PROBLEM DESCRIPTION →
Lines with "revolve": pull these out of the listing below.

************

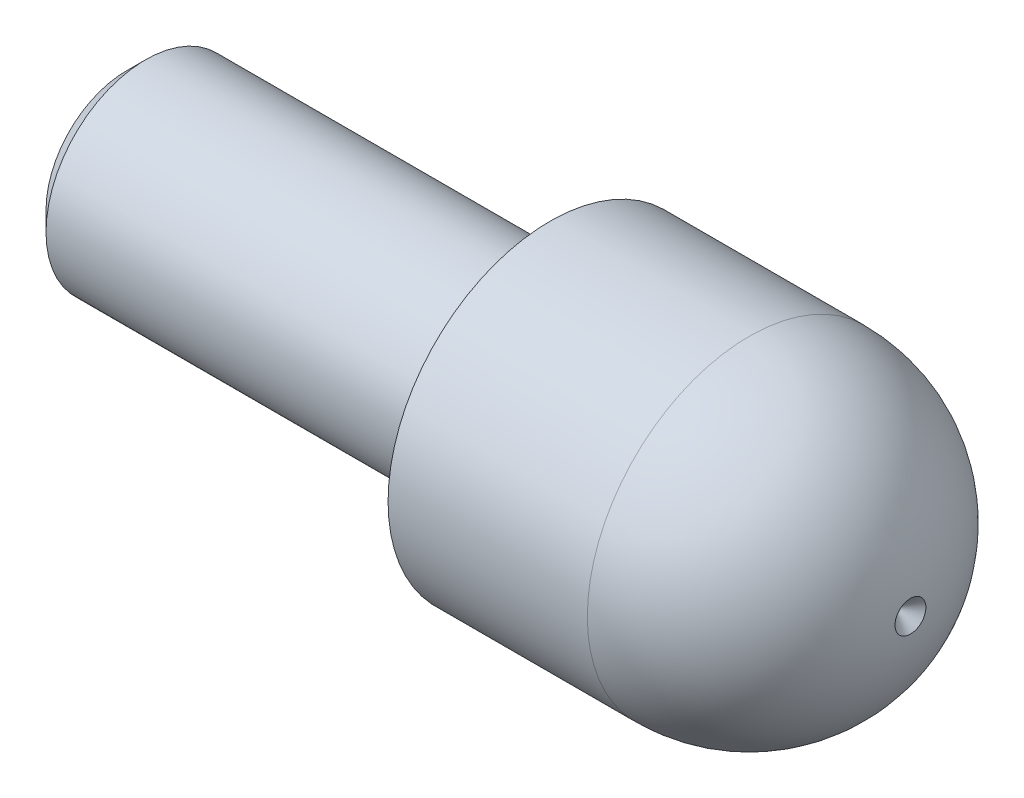
from build123d import *


with BuildPart() as part:
    # Sketch1 → Revolve1 (revolve)
    with BuildSketch(Plane.XY):
        Polygon((-17, 0), (-17, 3.233), (-16.233, 4), (0, 4), (0, 0), align=None)
    revolve(axis=Axis((0, 0, 0), (-1, 0, 0)))

    # Sketch2 → Revolve2 (revolve)
    with BuildSketch(Plane.XY):
        with BuildLine():
            Line((0, 0), (0, 6.5))
            Line((0, 6.5), (8, 6.5))
            ThreePointArc((8, 6.5), (12.371375393, 4.81051735), (14.470331437, 0.620331437))
            Line((14.470331437, 0.620331437), (13.85, 0))
            Line((13.85, 0), (0, 0))
        make_face()
    revolve(axis=Axis((50, 0, 0), (-1, 0, 0)))

    # Sketch3 → Cut-Revolve1 (revolve, cut)
    with BuildSketch(Plane.XY):
        with BuildLine():
            Line((-0.826794919, 3.9), (-0.173205081, 3.9))
            ThreePointArc((-0.173205081, 3.9), (-0.073205081, 3.926794919), (0, 4))
            Line((0, 4), (0, 4.9))
            Line((0, 4.9), (-1, 4.9))
            Line((-1, 4.9), (-1, 4))
            ThreePointArc((-1, 4), (-0.926794919, 3.926794919), (-0.826794919, 3.9))
        make_face()
    revolve(axis=Axis((0, 0, 0), (-1, 0, 0)), mode=Mode.SUBTRACT)


solid = part.part

************

SOLUTION TO THIS PROBLEM →
    # Sketch1 → Revolve1 (revolve)
    revolve(axis=Axis((0, 0, 0), (-1, 0, 0)))
    # Sketch2 → Revolve2 (revolve)
    revolve(axis=Axis((50, 0, 0), (-1, 0, 0)))
    # Sketch3 → Cut-Revolve1 (revolve, cut)
    revolve(axis=Axis((0, 0, 0), (-1, 0, 0)), mode=Mode.SUBTRACT)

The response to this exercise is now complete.